======== Task inputs

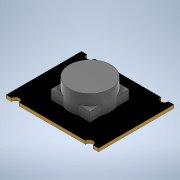
# Autodesk Inventor part: Camera
Saved by Autodesk Inventor 2022 (Build 260153000, 153)
## iProperties
Created: 2021-11-09
Part Number: Camera
Material: Generic
Document SubType Name: Modeling
Designer: Juan
Density: 1 g/cm^3
Appearance: Default
Author: Juan
Autodesk Inventor part; units mm, degrees
ref_plane "YZ Plane" through (0, 0, 0) normal (1, 0, 0) x (0, 1, 0)
ref_plane "XZ Plane" through (0, 0, 0) normal (0, 1, 0) x (-1, 0, 0)
ref_plane "XY Plane" through (0, 0, 0) normal (0, 0, 1) x (1, 0, 0)
sketch "Sketch1" plane through (0, 0, 0) normal (0, 1, 0) x (-1, 0, 0)
  line L0 (-15, 12.25) -> (15, 12.25)
  line L1 (15, 12.25) -> (15, -12.25)
  line L2 (15, -12.25) -> (-15, -12.25)
  line L3 (-15, -12.25) -> (-15, 12.25)
  line L4 (-15, 12.25) -> (15, -12.25) construction
  line L5 (15, 12.25) -> (-15, -12.25) construction
  line L6 (-12, 12.25) -> (12, 12.25)
  line L7 (12, 12.25) -> (12, -12.25)
  line L8 (12, -12.25) -> (-12, -12.25)
  line L9 (-12, -12.25) -> (-12, 12.25)
  line L10 (-12, 12.25) -> (12, -12.25) construction
  line L11 (12, 12.25) -> (-12, -12.25) construction
  circle A0 centre (12, -12.25) radius 1.25
  circle A1 centre (-12, -12.25) radius 1.25
  circle A2 centre (-12, 12.25) radius 1.25
  circle A3 centre (12, 12.25) radius 1.25
  point P0 (0, 0)
  point P1 (13.25, 12.25)
  point P2 (10.75, 12.25)
  point P3 (-10.75, 12.25)
  point P4 (-13.25, 12.25)
  point P5 (-13.25, -12.25)
  point P6 (-10.75, -12.25)
  point P7 (10.75, -12.25)
  point P8 (13.25, -12.25)
  dimension "d0" = 30
  dimension "d1" = 24.5
  dimension "d2" = 24
  dimension "d3" = 2.5
  constraints: 24 end point, 4 centre point, 4 coincident, 4 midpoint, 4 parallel, 3 equal radius, 2 horizontal, 2 perpendicular, 1 point on line
  measures "d0" distance of L1.end L2.end
  measures "d1" distance of L0.end L1.end
  measures "d2" distance of L7.end L8.end
  measures "d3" diameter of A0
extrude "Extrusion1" add sketch "Sketch1" along normal blind 1 contours L0 A3 L7 A0 L2 A1 L9 A2 | A2 L9 A1 L2 L3 L0 | L0 L1 L2 A0 L7 A3
sketch "Sketch2" plane through (0, 1, 0) normal (0, 1, 0) x (1, 0, 0)
  line L0 (-6.3, 6.3) -> (6.3, 6.3)
  line L1 (6.3, 6.3) -> (6.3, -6.3)
  line L2 (6.3, -6.3) -> (-6.3, -6.3)
  line L3 (-6.3, -6.3) -> (-6.3, 6.3)
  line L4 (-6.3, 6.3) -> (6.3, -6.3) construction
  line L5 (6.3, 6.3) -> (-6.3, -6.3) construction
  point P0 (0, 0)
  dimension "d6" = 12.6
  dimension "d7" = 12.6
  constraints: 12 end point, 2 midpoint, 2 parallel, 1 horizontal, 1 perpendicular
  measures "d6" distance of L1.end L2.end
  measures "d7" distance of L0.end L1.end
extrude "Extrusion2" add sketch "Sketch2" along normal blind 3
sketch "Sketch3" plane through (0, 4, 0) normal (0, 1, 0) x (1, 0, 0)
  circle A0 centre (0, 0) radius 6.75
  dimension "d10" = 13.5
  constraints: 1 centre point, 1 coincident
  measures "d10" diameter of A0
extrude "Extrusion3" add sketch "Sketch3" along normal blind 3.5 and the other way blind 3
body "Solid1"

================

Work required: Where the string "sketch" appears in a line of the entries, count that line, and state the total alone.

Answer box: 6